À la connaissance d’Amnesty International, une vingtaine de mineurs se trouvent toujours en détention, plus de trois mois après leur arrestation. Ces jeunes, ainsi que d’autres détenus, pourraient notamment être inculpés des infractions suivantes : « rassemblement de nature à perturber l’ordre public » et « attaques visant à entraver l’action des autorités ». Amnesty International est particulièrement préoccupée par le fait que ces jeunes sont détenus sans avoir été jugés. Ces mineurs ont été et sont toujours incarcérés en compagnie d’adultes, ce qui constitue une violation des dispositions du droit syrien et de la Convention relative aux droits de l’enfant des Nations unies, à laquelle la Syrie est partie.
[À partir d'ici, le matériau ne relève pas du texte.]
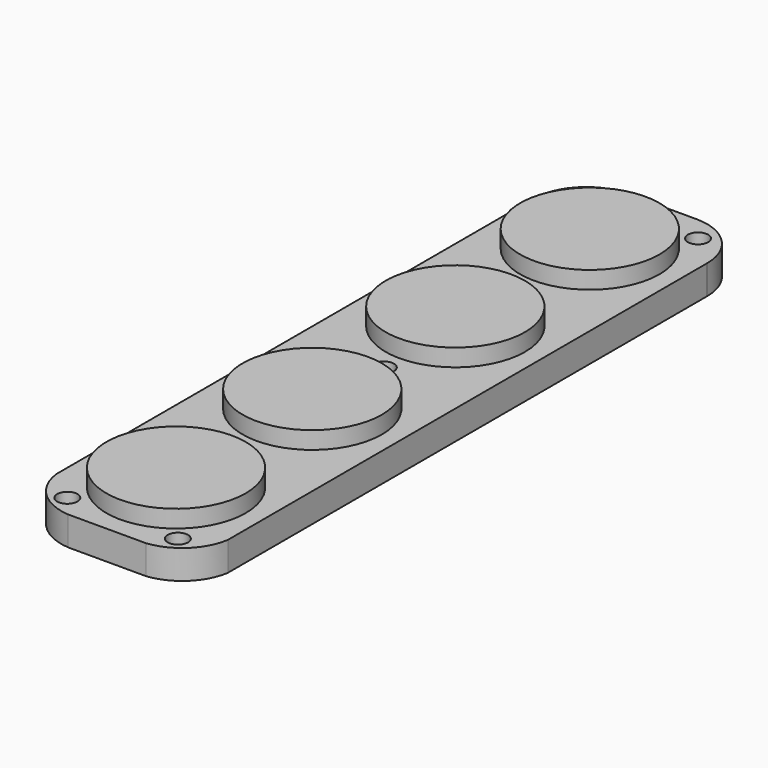
from build123d import *

# Parameters (mm, degrees)
F0_R          = 1.75
F0_R_2        = 1.25
F0_R_3        = 12
F1_DEPTH      = 5
F0_R_4        = 1
F2_START      = 3
F0_R_5        = 2
F2_DEPTH      = 2
F4_START      = 1.6
F4_DEPTH      = 3.4
F5_DEPTH      = 1.3
F5_DEPTH_BACK = 0.1
F6_START      = 5
F6_DEPTH      = 3


# Not quite as in the source:
# - a feature of the source that left no trace in its solid (it failed there, or was rolled back) is left out


with BuildPart() as f1:
    # F0 (on Top) → F1 (new body)
    with BuildSketch(Plane.XY):
        with BuildLine():
            Line((6.0037070689, 60.0215111673), (-5, 60.0215111673))
            Line((-5, 60.0215111673), (-6.7870675903, 60.0215111673))
            ThreePointArc((-6.7870675903, 60.0215111673), (-12.5859769766, 57.1353808627), (-15, 51.1245913098))
            Line((-15, 51.1245913098), (-15, 50.7903024554))
            Line((-15, 50.7903024554), (-15, -49.5038591325))
            Line((-15, -49.5038591325), (-15, -51.7690908138))
            ThreePointArc((-15, -51.7690908138), (-12.1695256151, -57.4125609321), (-6.4009595691, -59.9784888327))
            Line((-6.4009595691, -59.9784888327), (-5, -59.9784888327))
            Line((-5, -59.9784888327), (5, -59.9784888327))
            Line((5, -59.9784888327), (7.0074141379, -59.9784888327))
            ThreePointArc((7.0074141379, -59.9784888327), (12.2930504345, -57.5138166091), (15, -52.3480655233))
            Line((15, -52.3480655233), (15, -49.5038591325))
            Line((15, -49.5038591325), (15, 50.7903024554))
            Line((15, 50.7903024554), (15, 50.95497525))
            ThreePointArc((15, 50.95497525), (12.3454627339, 57.317569046), (6.0037070689, 60.0215111673))
        make_face()
        with Locations((-9.525, -56.2587864697)):
            Circle(F0_R, mode=Mode.SUBTRACT)
        with Locations((-9.525, -30.4671674967)):
            Circle(F0_R_2, mode=Mode.SUBTRACT)
        with Locations((0, -44.7514858243)):
            Circle(F0_R_3, mode=Mode.SUBTRACT)
        with Locations((-9.525, 0)):
            Circle(F0_R_2, mode=Mode.SUBTRACT)
        with Locations((0, -15.4157546586)):
            Circle(F0_R_3, mode=Mode.SUBTRACT)
        Circle(F0_R, mode=Mode.SUBTRACT)
        with Locations((9.525, -56.2587864697)):
            Circle(F0_R, mode=Mode.SUBTRACT)
        with Locations((9.525, -30.4671674967)):
            Circle(F0_R_2, mode=Mode.SUBTRACT)
        with Locations((9.525, 0)):
            Circle(F0_R_2, mode=Mode.SUBTRACT)
        with Locations((-9.525, 29.1974432766)):
            Circle(F0_R_2, mode=Mode.SUBTRACT)
        with Locations((0, 15.3948861798)):
            Circle(F0_R_3, mode=Mode.SUBTRACT)
        with Locations((-9.525, 55.7628124952)):
            Circle(F0_R, mode=Mode.SUBTRACT)
        with Locations((0, 44.3624239764)):
            Circle(F0_R_3, mode=Mode.SUBTRACT)
        with Locations((9.525, 29.1974432766)):
            Circle(F0_R_2, mode=Mode.SUBTRACT)
        with Locations((9.525, 55.7628124952)):
            Circle(F0_R, mode=Mode.SUBTRACT)
        with BuildLine():
            ThreePointArc((15, 50.7903024554), (15.0003704536, 50.8726388527), (15, 50.95497525))
            Line((15, 50.95497525), (15, 50.7903024554))
        make_face()
    extrude(amount=F1_DEPTH)



with BuildPart() as f1b:
    # F0 (on Top) → F1, piece 2 (new body)
    with BuildSketch(Plane.XY):
        with Locations((-9.525, 44.3624239764)):
            Circle(F0_R_4)
    extrude(amount=F1_DEPTH)


with BuildPart() as f1c:
    # F0 (on Top) → F1, piece 3 (new body)
    with BuildSketch(Plane.XY):
        with Locations((9.525, 44.3624239764)):
            Circle(F0_R_4)
    extrude(amount=F1_DEPTH)


with BuildPart() as f1d:
    # F0 (on Top) → F1, piece 4 (new body)
    with BuildSketch(Plane.XY):
        with Locations((9.525, 15.3948861798)):
            Circle(F0_R_4)
    extrude(amount=F1_DEPTH)


with BuildPart() as f1e:
    # F0 (on Top) → F1, piece 5 (new body)
    with BuildSketch(Plane.XY):
        with Locations((-9.525, 15.3948861798)):
            Circle(F0_R_4)
    extrude(amount=F1_DEPTH)


with BuildPart() as f1f:
    # F0 (on Top) → F1, piece 6 (new body)
    with BuildSketch(Plane.XY):
        with Locations((9.525, -15.4157546586)):
            Circle(F0_R_4)
    extrude(amount=F1_DEPTH)


with BuildPart() as f1g:
    # F0 (on Top) → F1, piece 7 (new body)
    with BuildSketch(Plane.XY):
        with Locations((-9.525, -15.4157546586)):
            Circle(F0_R_4)
    extrude(amount=F1_DEPTH)


with BuildPart() as f1h:
    # F0 (on Top) → F1, piece 8 (new body)
    with BuildSketch(Plane.XY):
        with Locations((9.525, -44.7514858243)):
            Circle(F0_R_4)
    extrude(amount=F1_DEPTH)


with BuildPart() as f1i:
    # F0 (on Top) → F1, piece 9 (new body)
    with BuildSketch(Plane.XY):
        with Locations((-9.525, -44.7514858243)):
            Circle(F0_R_4)
    extrude(amount=F1_DEPTH)


with BuildPart() as f1_1:
    add(f1.part)

    add(f1b.part)  # F2 merges F1b

    add(f1c.part)  # F2 merges F1c

    add(f1d.part)  # F2 merges F1d

    add(f1e.part)  # F2 merges F1e

    add(f1f.part)  # F2 merges F1f

    add(f1g.part)  # F2 merges F1g

    add(f1h.part)  # F2 merges F1h

    add(f1i.part)  # F2 merges F1i
    # F0 (on Top) → F2 (join)
    with BuildSketch(Plane.XY.offset(F2_START)):
        with Locations((0, 44.3624239764)):
            Circle(F0_R_3)
        with Locations((-9.525, 44.3624239764)):
            Circle(F0_R_5, mode=Mode.SUBTRACT)
        with Locations((9.525, 44.3624239764)):
            Circle(F0_R_5, mode=Mode.SUBTRACT)
        with Locations((0, 15.3948861798)):
            Circle(F0_R_3)
        with Locations((-9.525, 15.3948861798)):
            Circle(F0_R_5, mode=Mode.SUBTRACT)
        with Locations((9.525, 15.3948861798)):
            Circle(F0_R_5, mode=Mode.SUBTRACT)
        with Locations((0, -15.4157546586)):
            Circle(F0_R_3)
        with Locations((-9.525, -15.4157546586)):
            Circle(F0_R_5, mode=Mode.SUBTRACT)
        with Locations((9.525, -15.4157546586)):
            Circle(F0_R_5, mode=Mode.SUBTRACT)
        with Locations((0, -44.7514858243)):
            Circle(F0_R_3)
        with Locations((-9.525, -44.7514858243)):
            Circle(F0_R_5, mode=Mode.SUBTRACT)
        with Locations((9.525, -44.7514858243)):
            Circle(F0_R_5, mode=Mode.SUBTRACT)
        with Locations((9.525, 44.3624239764)):
            Circle(F0_R_5)
        with Locations((9.525, 44.3624239764)):
            Circle(F0_R_4, mode=Mode.SUBTRACT)
        with Locations((-9.525, 44.3624239764)):
            Circle(F0_R_5)
        with Locations((-9.525, 44.3624239764)):
            Circle(F0_R_4, mode=Mode.SUBTRACT)
        with Locations((9.525, 15.3948861798)):
            Circle(F0_R_5)
        with Locations((9.525, 15.3948861798)):
            Circle(F0_R_4, mode=Mode.SUBTRACT)
        with Locations((-9.525, 15.3948861798)):
            Circle(F0_R_5)
        with Locations((-9.525, 15.3948861798)):
            Circle(F0_R_4, mode=Mode.SUBTRACT)
        with Locations((9.525, -15.4157546586)):
            Circle(F0_R_5)
        with Locations((9.525, -15.4157546586)):
            Circle(F0_R_4, mode=Mode.SUBTRACT)
        with Locations((-9.525, -15.4157546586)):
            Circle(F0_R_5)
        with Locations((-9.525, -15.4157546586)):
            Circle(F0_R_4, mode=Mode.SUBTRACT)
        with Locations((9.525, -44.7514858243)):
            Circle(F0_R_5)
        with Locations((9.525, -44.7514858243)):
            Circle(F0_R_4, mode=Mode.SUBTRACT)
        with Locations((-9.525, -44.7514858243)):
            Circle(F0_R_5)
        with Locations((-9.525, -44.7514858243)):
            Circle(F0_R_4, mode=Mode.SUBTRACT)
        with Locations((-9.525, -30.4671674967)):
            Circle(F0_R_2)
        with Locations((9.525, -30.4671674967)):
            Circle(F0_R_2)
        with Locations((9.525, 0)):
            Circle(F0_R_2)
        with Locations((-9.525, 0)):
            Circle(F0_R_2)
        with Locations((-9.525, 29.1974432766)):
            Circle(F0_R_2)
        with Locations((9.525, 29.1974432766)):
            Circle(F0_R_2)
        with Locations((9.525, 44.3624239764)):
            Circle(F0_R_4)
        with Locations((-9.525, 44.3624239764)):
            Circle(F0_R_4)
        with Locations((9.525, 15.3948861798)):
            Circle(F0_R_4)
        with Locations((-9.525, 15.3948861798)):
            Circle(F0_R_4)
        with Locations((9.525, -15.4157546586)):
            Circle(F0_R_4)
        with Locations((-9.525, -15.4157546586)):
            Circle(F0_R_4)
        with Locations((9.525, -44.7514858243)):
            Circle(F0_R_4)
        with Locations((-9.525, -44.7514858243)):
            Circle(F0_R_4)
    extrude(amount=F2_DEPTH)

    # F0 (on Top) → F4 (join)
    with BuildSketch(Plane.XY.offset(F4_START)):
        with Locations((9.525, 44.3624239764)):
            Circle(F0_R_5)
        with Locations((9.525, 44.3624239764)):
            Circle(F0_R_4, mode=Mode.SUBTRACT)
        with Locations((-9.525, 44.3624239764)):
            Circle(F0_R_5)
        with Locations((-9.525, 44.3624239764)):
            Circle(F0_R_4, mode=Mode.SUBTRACT)
        with Locations((9.525, 15.3948861798)):
            Circle(F0_R_5)
        with Locations((9.525, 15.3948861798)):
            Circle(F0_R_4, mode=Mode.SUBTRACT)
        with Locations((-9.525, 15.3948861798)):
            Circle(F0_R_5)
        with Locations((-9.525, 15.3948861798)):
            Circle(F0_R_4, mode=Mode.SUBTRACT)
        with Locations((9.525, -15.4157546586)):
            Circle(F0_R_5)
        with Locations((9.525, -15.4157546586)):
            Circle(F0_R_4, mode=Mode.SUBTRACT)
        with Locations((-9.525, -15.4157546586)):
            Circle(F0_R_5)
        with Locations((-9.525, -15.4157546586)):
            Circle(F0_R_4, mode=Mode.SUBTRACT)
        with Locations((9.525, -44.7514858243)):
            Circle(F0_R_5)
        with Locations((9.525, -44.7514858243)):
            Circle(F0_R_4, mode=Mode.SUBTRACT)
        with Locations((-9.525, -44.7514858243)):
            Circle(F0_R_5)
        with Locations((-9.525, -44.7514858243)):
            Circle(F0_R_4, mode=Mode.SUBTRACT)
    extrude(amount=F4_DEPTH)

    # F0 (on Top) → F5 (cut, two sides)
    with BuildSketch(Plane.XY) as f5_sk:
        with Locations((9.525, -56.2587864697)):
            Circle(F0_R)
        with Locations((-9.525, -56.2587864697)):
            Circle(F0_R)
        with Locations((-9.525, -30.4671674967)):
            Circle(F0_R_2)
        with Locations((9.525, -30.4671674967)):
            Circle(F0_R_2)
        with Locations((9.525, 0)):
            Circle(F0_R_2)
        with Locations((-9.525, 0)):
            Circle(F0_R_2)
        with Locations((9.525, 29.1974432766)):
            Circle(F0_R_2)
        with Locations((-9.525, 29.1974432766)):
            Circle(F0_R_2)
        with Locations((9.525, 55.7628124952)):
            Circle(F0_R)
        with Locations((-9.525, 55.7628124952)):
            Circle(F0_R)
    extrude(amount=F5_DEPTH, mode=Mode.SUBTRACT)
    extrude(f5_sk.sketch, amount=-F5_DEPTH_BACK, mode=Mode.SUBTRACT)

    # F0 (on Top) → F6 (join)
    with BuildSketch(Plane.XY.offset(F6_START)):
        with Locations((0, 44.3624239764)):
            Circle(F0_R_3)
        with Locations((-9.525, 44.3624239764)):
            Circle(F0_R_5, mode=Mode.SUBTRACT)
        with Locations((9.525, 44.3624239764)):
            Circle(F0_R_5, mode=Mode.SUBTRACT)
        with Locations((0, 15.3948861798)):
            Circle(F0_R_3)
        with Locations((-9.525, 15.3948861798)):
            Circle(F0_R_5, mode=Mode.SUBTRACT)
        with Locations((9.525, 15.3948861798)):
            Circle(F0_R_5, mode=Mode.SUBTRACT)
        with Locations((0, -15.4157546586)):
            Circle(F0_R_3)
        with Locations((-9.525, -15.4157546586)):
            Circle(F0_R_5, mode=Mode.SUBTRACT)
        with Locations((9.525, -15.4157546586)):
            Circle(F0_R_5, mode=Mode.SUBTRACT)
        with Locations((0, -44.7514858243)):
            Circle(F0_R_3)
        with Locations((-9.525, -44.7514858243)):
            Circle(F0_R_5, mode=Mode.SUBTRACT)
        with Locations((9.525, -44.7514858243)):
            Circle(F0_R_5, mode=Mode.SUBTRACT)
        with Locations((-9.525, -44.7514858243)):
            Circle(F0_R_5)
        with Locations((-9.525, -44.7514858243)):
            Circle(F0_R_4, mode=Mode.SUBTRACT)
        with Locations((9.525, -44.7514858243)):
            Circle(F0_R_5)
        with Locations((9.525, -44.7514858243)):
            Circle(F0_R_4, mode=Mode.SUBTRACT)
        with Locations((-9.525, -15.4157546586)):
            Circle(F0_R_5)
        with Locations((-9.525, -15.4157546586)):
            Circle(F0_R_4, mode=Mode.SUBTRACT)
        with Locations((9.525, -15.4157546586)):
            Circle(F0_R_5)
        with Locations((9.525, -15.4157546586)):
            Circle(F0_R_4, mode=Mode.SUBTRACT)
        with Locations((-9.525, 15.3948861798)):
            Circle(F0_R_5)
        with Locations((-9.525, 15.3948861798)):
            Circle(F0_R_4, mode=Mode.SUBTRACT)
        with Locations((9.525, 15.3948861798)):
            Circle(F0_R_5)
        with Locations((9.525, 15.3948861798)):
            Circle(F0_R_4, mode=Mode.SUBTRACT)
        with Locations((-9.525, 44.3624239764)):
            Circle(F0_R_5)
        with Locations((-9.525, 44.3624239764)):
            Circle(F0_R_4, mode=Mode.SUBTRACT)
        with Locations((9.525, 44.3624239764)):
            Circle(F0_R_5)
        with Locations((9.525, 44.3624239764)):
            Circle(F0_R_4, mode=Mode.SUBTRACT)
        with Locations((-9.525, -44.7514858243)):
            Circle(F0_R_4)
        with Locations((9.525, -44.7514858243)):
            Circle(F0_R_4)
        with Locations((-9.525, -15.4157546586)):
            Circle(F0_R_4)
        with Locations((9.525, -15.4157546586)):
            Circle(F0_R_4)
        with Locations((-9.525, 15.3948861798)):
            Circle(F0_R_4)
        with Locations((9.525, 15.3948861798)):
            Circle(F0_R_4)
        with Locations((-9.525, 44.3624239764)):
            Circle(F0_R_4)
        with Locations((9.525, 44.3624239764)):
            Circle(F0_R_4)
    extrude(amount=F6_DEPTH)


solid = f1_1.part

L’article 37 de cette Convention prévoit que l’arrestation et la détention ou l’emprisonnement d’un mineur doivent être conformes à la loi et que l’on ne doit y recourir qu’en dernier ressort, et, le cas échéant, pour une durée la plus courte possible.

Amnesty International demande en conséquence aux autorités syriennes de remettre en liberté, en attendant qu’ils soient jugés, tous les mineurs kurdes se trouvant en détention pour leur rôle présumé dans les événements du 12 mars dernier, mais aussi de garantir qu’ils bénéficieront d’un procès conforme aux normes internationales d’équité. L’organisation appelle également les autorités à mener sans délai une enquête indépendante et rigoureuse sur les allégations de torture et de mauvais traitements, et de faire en sorte que les mineurs soumis à la torture puissent recevoir de toute urgence les soins médicaux et psychologiques appropriés.